▸ WHAT IS BEING ASKED
Begin at the top of the entries below and write out every line through the one containing "doc.linetypes.add('ACAD_ISO02W100', pattern=[15, 12, -3])", excluding pictures.

▸ Stored items
***
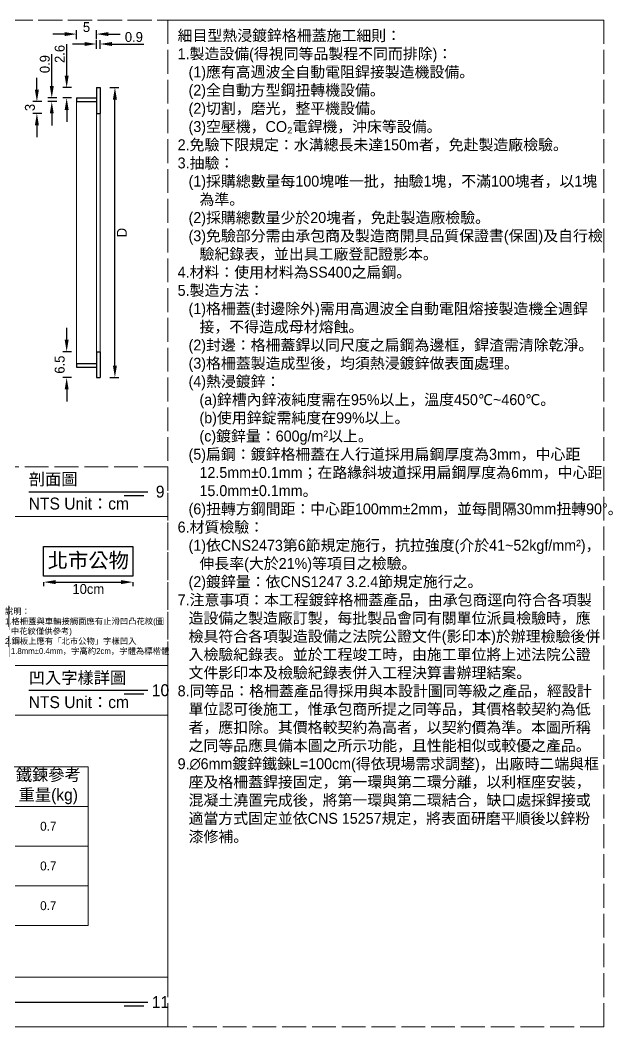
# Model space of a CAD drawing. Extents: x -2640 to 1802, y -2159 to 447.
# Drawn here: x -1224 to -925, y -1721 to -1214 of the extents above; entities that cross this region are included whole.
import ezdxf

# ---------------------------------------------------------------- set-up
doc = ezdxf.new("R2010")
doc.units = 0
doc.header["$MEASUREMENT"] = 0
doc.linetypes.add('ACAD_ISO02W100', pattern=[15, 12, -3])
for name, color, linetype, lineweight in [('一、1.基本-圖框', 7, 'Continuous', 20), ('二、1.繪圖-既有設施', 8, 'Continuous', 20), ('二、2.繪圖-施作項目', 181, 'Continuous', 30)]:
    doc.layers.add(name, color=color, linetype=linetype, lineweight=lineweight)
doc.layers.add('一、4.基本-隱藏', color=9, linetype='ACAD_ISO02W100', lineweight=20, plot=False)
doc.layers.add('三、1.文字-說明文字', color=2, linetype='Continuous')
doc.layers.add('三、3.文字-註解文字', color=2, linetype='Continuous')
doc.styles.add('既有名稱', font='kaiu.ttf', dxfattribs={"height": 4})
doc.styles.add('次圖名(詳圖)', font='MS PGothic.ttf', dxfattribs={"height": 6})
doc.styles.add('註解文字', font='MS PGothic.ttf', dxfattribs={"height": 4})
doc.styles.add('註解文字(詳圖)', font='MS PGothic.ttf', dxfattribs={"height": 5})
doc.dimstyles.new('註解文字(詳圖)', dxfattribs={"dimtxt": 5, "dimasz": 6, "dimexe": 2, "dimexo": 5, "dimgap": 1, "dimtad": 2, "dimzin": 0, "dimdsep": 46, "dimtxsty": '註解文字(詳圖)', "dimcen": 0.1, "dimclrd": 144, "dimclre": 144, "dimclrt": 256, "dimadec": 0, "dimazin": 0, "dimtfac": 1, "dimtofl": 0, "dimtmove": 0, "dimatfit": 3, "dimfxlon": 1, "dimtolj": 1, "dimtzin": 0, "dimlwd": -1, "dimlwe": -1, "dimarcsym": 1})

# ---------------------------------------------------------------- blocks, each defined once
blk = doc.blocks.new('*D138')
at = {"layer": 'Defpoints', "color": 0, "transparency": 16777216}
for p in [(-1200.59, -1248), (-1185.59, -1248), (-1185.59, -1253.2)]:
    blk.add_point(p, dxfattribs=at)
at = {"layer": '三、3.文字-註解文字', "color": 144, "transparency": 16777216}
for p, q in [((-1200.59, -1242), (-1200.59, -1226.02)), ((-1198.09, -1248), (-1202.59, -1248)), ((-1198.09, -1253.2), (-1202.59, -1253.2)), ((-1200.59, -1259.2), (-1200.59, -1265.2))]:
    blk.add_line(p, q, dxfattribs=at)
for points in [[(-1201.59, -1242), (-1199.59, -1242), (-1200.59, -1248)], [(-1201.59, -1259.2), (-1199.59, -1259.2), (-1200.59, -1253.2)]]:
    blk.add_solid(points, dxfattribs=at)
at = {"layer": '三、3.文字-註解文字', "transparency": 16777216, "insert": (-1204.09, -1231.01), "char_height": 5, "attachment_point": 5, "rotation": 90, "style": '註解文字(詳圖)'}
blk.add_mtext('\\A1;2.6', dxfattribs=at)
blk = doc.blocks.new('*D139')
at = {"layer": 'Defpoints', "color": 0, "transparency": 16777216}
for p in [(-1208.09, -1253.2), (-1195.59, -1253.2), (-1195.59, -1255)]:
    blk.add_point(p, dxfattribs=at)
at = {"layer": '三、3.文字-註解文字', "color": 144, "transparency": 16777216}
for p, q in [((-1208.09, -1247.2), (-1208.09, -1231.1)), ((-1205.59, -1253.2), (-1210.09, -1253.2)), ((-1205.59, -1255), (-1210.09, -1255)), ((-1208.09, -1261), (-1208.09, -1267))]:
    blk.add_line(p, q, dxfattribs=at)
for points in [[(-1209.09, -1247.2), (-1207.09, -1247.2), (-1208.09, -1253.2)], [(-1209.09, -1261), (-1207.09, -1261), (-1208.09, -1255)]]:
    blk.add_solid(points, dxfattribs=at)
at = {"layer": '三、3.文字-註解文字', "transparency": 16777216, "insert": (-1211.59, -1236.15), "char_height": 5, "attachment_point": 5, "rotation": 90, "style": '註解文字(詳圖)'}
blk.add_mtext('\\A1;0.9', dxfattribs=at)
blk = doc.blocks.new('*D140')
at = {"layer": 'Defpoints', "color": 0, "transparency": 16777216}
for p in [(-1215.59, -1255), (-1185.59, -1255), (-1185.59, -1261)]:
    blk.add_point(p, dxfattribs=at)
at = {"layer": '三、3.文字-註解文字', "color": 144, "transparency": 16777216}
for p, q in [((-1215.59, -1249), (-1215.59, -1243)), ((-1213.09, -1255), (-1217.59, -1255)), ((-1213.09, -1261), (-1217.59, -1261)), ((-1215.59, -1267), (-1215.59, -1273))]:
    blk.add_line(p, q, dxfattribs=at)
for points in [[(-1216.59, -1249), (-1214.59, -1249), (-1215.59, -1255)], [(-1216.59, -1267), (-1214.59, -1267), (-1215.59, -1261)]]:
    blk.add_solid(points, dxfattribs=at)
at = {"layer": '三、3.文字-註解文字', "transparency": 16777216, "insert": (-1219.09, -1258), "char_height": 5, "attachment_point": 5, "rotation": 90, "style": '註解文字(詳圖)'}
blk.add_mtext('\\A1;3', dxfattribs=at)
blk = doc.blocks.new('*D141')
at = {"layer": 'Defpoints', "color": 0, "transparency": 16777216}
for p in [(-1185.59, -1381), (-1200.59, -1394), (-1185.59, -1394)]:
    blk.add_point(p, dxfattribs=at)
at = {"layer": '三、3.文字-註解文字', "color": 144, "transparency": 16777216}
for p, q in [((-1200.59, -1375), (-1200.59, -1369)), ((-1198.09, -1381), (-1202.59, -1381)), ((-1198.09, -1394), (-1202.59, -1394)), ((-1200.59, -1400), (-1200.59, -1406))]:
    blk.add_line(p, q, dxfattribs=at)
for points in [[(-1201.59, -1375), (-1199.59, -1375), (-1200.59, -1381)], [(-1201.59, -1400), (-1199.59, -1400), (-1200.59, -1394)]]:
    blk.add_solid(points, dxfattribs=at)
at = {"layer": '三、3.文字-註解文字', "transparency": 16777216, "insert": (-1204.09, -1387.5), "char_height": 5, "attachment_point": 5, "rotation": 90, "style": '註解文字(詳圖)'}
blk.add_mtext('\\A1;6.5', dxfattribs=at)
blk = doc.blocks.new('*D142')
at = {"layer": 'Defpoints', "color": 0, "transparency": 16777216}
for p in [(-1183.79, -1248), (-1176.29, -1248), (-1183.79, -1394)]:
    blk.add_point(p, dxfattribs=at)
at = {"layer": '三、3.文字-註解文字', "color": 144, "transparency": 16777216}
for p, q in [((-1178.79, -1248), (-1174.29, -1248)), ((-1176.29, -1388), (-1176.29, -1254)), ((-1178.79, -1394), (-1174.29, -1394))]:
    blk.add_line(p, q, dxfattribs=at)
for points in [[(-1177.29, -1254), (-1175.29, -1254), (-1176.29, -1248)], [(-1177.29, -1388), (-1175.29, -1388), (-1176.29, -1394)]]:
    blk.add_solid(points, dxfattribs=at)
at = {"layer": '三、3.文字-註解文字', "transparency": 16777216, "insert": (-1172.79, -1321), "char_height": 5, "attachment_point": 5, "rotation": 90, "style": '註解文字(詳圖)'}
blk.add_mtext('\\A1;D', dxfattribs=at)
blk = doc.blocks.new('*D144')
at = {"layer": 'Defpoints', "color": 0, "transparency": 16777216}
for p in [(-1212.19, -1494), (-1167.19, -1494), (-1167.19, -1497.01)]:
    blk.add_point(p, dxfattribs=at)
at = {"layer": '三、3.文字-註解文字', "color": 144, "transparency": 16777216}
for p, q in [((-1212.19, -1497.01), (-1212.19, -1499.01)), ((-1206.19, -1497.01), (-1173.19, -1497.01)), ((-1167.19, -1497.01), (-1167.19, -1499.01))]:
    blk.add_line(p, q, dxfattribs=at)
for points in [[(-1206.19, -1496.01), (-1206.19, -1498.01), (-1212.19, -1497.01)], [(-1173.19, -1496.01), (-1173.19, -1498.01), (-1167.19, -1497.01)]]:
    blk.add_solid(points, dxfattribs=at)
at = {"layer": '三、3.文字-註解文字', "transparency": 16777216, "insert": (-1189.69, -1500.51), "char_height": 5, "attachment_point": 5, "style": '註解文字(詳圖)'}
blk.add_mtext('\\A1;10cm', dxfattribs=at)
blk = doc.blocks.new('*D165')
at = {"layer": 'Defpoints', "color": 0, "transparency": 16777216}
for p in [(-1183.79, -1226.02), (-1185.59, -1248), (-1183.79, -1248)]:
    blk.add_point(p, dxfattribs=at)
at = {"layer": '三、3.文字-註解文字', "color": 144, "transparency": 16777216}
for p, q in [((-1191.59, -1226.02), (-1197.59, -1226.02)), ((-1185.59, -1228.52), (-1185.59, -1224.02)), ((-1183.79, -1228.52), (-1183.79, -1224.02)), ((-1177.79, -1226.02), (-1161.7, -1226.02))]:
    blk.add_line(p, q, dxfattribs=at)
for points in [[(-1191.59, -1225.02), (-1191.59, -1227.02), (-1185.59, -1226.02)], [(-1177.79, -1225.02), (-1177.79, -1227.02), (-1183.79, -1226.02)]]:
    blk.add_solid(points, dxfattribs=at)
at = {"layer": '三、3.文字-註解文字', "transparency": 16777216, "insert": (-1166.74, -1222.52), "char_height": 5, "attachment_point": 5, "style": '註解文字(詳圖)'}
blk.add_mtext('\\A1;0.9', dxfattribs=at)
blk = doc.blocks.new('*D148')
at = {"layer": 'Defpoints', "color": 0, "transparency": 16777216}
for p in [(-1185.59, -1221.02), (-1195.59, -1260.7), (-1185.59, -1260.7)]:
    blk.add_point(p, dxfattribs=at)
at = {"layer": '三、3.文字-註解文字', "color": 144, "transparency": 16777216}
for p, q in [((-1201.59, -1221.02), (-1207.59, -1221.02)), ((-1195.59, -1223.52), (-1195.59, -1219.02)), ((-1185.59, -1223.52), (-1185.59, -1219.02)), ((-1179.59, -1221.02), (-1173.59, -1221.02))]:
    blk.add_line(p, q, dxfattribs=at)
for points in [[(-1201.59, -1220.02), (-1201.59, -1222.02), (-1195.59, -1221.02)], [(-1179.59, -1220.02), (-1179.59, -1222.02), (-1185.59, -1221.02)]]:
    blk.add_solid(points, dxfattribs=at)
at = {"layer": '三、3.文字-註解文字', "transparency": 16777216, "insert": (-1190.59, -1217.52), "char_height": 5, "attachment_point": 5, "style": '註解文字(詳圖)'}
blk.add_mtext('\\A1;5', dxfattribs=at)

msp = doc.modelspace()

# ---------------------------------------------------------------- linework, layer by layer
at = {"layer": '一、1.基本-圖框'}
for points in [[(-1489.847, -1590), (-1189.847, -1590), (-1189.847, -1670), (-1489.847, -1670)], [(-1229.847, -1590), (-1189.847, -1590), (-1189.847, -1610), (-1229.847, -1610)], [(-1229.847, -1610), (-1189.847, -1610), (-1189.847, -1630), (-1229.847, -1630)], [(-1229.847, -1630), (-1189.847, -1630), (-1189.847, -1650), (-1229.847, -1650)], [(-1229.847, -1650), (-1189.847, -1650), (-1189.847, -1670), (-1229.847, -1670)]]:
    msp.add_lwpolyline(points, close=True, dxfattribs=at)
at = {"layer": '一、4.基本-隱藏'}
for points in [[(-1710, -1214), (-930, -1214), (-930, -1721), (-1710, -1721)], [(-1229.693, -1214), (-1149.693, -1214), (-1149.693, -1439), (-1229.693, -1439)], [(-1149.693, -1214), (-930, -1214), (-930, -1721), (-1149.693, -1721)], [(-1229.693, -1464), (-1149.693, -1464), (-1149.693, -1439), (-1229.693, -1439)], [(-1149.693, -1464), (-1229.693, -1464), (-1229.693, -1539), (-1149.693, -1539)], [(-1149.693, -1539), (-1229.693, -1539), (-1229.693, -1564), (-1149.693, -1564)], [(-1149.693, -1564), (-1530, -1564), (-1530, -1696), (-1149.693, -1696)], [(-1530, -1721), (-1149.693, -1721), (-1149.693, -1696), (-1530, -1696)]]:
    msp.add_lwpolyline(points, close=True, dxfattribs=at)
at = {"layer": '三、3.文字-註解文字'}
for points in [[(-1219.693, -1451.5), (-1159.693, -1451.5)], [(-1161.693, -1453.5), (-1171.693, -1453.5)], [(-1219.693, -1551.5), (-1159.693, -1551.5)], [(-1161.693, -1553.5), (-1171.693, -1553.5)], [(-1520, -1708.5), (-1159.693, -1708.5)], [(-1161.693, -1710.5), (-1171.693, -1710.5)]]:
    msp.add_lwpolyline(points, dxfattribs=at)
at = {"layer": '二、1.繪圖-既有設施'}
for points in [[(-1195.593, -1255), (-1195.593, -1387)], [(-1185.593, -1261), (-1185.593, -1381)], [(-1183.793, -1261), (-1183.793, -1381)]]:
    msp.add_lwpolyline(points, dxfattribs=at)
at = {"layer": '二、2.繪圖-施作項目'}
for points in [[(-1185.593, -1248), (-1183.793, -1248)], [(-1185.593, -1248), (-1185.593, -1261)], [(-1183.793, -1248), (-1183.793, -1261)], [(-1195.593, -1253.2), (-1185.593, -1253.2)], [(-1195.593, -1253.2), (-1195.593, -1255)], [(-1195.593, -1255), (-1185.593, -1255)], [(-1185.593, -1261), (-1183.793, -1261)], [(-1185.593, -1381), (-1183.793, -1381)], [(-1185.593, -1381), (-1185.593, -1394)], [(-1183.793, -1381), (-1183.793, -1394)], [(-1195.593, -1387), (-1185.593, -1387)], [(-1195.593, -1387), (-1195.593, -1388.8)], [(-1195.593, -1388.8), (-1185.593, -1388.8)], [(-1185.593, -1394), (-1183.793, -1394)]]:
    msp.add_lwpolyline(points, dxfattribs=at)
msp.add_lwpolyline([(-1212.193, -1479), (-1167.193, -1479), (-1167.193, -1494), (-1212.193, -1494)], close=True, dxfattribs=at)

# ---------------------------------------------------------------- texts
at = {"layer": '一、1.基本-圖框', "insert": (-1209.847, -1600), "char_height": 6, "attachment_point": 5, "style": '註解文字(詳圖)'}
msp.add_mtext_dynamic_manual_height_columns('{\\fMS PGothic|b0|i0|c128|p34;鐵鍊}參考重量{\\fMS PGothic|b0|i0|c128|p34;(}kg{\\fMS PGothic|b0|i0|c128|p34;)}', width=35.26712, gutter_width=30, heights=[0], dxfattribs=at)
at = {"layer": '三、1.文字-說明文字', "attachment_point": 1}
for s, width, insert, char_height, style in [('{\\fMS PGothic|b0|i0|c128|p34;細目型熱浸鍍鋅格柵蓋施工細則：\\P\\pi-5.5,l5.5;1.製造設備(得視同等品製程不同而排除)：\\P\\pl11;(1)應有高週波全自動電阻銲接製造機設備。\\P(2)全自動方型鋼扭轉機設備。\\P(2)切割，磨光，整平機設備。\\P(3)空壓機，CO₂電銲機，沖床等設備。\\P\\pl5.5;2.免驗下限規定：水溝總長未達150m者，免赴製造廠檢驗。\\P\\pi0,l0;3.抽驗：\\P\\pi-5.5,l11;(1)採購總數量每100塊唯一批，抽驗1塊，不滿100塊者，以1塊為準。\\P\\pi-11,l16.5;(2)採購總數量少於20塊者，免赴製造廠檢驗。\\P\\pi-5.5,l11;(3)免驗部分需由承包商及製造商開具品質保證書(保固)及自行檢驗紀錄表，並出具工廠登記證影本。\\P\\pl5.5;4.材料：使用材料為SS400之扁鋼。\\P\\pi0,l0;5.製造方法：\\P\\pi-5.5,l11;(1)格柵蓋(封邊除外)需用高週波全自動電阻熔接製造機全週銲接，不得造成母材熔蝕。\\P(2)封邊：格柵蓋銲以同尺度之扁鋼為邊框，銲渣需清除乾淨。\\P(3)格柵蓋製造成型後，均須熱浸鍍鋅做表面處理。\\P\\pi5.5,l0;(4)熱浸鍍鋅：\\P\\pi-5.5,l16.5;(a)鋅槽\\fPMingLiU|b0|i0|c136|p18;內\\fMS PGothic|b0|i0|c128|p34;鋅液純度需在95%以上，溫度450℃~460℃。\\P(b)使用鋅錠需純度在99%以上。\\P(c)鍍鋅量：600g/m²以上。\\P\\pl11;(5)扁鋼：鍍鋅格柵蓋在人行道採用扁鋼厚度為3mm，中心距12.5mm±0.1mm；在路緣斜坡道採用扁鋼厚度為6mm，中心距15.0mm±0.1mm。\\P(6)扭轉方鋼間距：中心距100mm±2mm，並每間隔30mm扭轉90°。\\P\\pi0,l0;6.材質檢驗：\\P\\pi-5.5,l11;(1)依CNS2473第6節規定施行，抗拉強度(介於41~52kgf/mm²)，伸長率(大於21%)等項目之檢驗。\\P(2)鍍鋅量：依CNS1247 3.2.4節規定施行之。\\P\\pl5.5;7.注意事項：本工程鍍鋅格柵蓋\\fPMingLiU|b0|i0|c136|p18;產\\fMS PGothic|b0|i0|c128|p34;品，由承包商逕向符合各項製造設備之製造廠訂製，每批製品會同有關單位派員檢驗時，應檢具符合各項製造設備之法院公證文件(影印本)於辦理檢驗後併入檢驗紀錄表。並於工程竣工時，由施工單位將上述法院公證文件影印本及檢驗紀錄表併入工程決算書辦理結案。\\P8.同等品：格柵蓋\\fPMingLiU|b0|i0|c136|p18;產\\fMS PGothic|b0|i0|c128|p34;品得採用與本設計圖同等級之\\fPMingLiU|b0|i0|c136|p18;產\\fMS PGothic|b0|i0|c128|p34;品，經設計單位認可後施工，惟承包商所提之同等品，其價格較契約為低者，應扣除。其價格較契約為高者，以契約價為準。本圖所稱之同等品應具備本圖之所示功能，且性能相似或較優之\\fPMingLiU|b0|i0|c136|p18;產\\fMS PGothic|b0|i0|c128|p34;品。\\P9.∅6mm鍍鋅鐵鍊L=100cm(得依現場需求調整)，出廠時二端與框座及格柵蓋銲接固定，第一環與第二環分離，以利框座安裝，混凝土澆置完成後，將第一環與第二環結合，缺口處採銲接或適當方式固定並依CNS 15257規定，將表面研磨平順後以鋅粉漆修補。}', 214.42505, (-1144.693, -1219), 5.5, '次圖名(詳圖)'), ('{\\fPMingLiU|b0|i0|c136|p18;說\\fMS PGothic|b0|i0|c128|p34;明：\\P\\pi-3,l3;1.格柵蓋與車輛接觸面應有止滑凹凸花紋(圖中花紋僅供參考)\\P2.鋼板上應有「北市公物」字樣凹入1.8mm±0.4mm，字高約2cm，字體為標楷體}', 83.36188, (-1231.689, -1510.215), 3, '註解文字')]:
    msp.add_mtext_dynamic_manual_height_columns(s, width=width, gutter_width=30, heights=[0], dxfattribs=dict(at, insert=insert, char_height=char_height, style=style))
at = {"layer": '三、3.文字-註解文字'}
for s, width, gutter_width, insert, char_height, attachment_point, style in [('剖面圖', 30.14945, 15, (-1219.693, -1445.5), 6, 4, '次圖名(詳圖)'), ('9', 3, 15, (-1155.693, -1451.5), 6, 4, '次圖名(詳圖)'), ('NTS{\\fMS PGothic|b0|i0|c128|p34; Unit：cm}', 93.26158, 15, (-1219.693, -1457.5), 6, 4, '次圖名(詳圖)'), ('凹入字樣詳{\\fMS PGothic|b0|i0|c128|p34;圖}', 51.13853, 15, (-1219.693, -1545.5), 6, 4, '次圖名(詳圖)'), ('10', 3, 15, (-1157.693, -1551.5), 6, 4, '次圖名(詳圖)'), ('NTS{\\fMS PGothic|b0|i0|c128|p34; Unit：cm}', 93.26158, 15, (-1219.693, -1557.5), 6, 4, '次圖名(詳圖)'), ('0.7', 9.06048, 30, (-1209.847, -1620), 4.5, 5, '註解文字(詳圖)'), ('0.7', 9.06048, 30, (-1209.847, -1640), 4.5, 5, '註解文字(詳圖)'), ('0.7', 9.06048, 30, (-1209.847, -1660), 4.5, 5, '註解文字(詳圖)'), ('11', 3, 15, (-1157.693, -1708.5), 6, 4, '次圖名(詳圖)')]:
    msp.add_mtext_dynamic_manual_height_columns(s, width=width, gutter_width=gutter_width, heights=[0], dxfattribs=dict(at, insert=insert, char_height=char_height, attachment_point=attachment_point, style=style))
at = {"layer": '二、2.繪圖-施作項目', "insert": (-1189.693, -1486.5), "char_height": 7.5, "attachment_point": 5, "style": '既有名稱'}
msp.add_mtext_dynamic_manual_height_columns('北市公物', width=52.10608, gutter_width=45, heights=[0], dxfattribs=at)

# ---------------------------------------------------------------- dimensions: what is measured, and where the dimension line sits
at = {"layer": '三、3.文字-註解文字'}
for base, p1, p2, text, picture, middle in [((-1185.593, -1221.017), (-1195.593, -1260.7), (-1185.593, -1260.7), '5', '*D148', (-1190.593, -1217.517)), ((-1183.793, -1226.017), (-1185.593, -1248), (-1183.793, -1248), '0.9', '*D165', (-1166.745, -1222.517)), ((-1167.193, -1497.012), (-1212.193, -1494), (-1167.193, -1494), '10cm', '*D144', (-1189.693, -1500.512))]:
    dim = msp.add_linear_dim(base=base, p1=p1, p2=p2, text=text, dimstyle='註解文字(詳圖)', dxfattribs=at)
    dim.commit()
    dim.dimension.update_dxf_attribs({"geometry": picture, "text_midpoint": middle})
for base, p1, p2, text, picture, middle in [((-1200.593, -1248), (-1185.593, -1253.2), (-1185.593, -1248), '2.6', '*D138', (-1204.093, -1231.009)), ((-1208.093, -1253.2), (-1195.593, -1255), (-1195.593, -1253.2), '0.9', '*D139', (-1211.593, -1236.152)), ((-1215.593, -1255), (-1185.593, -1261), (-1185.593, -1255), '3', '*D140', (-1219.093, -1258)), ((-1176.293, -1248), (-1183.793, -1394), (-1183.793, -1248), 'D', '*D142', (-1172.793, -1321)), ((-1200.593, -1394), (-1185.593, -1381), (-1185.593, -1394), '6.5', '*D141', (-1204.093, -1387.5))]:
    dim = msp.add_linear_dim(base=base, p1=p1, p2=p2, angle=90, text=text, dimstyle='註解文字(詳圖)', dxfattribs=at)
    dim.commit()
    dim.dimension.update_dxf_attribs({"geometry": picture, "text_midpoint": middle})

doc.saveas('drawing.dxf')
***
▸ RESULT OF THIS EXERCISE
# Model space of a CAD drawing. Extents: x -2640 to 1802, y -2159 to 447.
# Drawn here: x -1224 to -925, y -1721 to -1214 of the extents above; entities that cross this region are included whole.
import ezdxf

# ---------------------------------------------------------------- set-up
doc = ezdxf.new("R2010")
doc.units = 0
doc.header["$MEASUREMENT"] = 0
doc.linetypes.add('ACAD_ISO02W100', pattern=[15, 12, -3])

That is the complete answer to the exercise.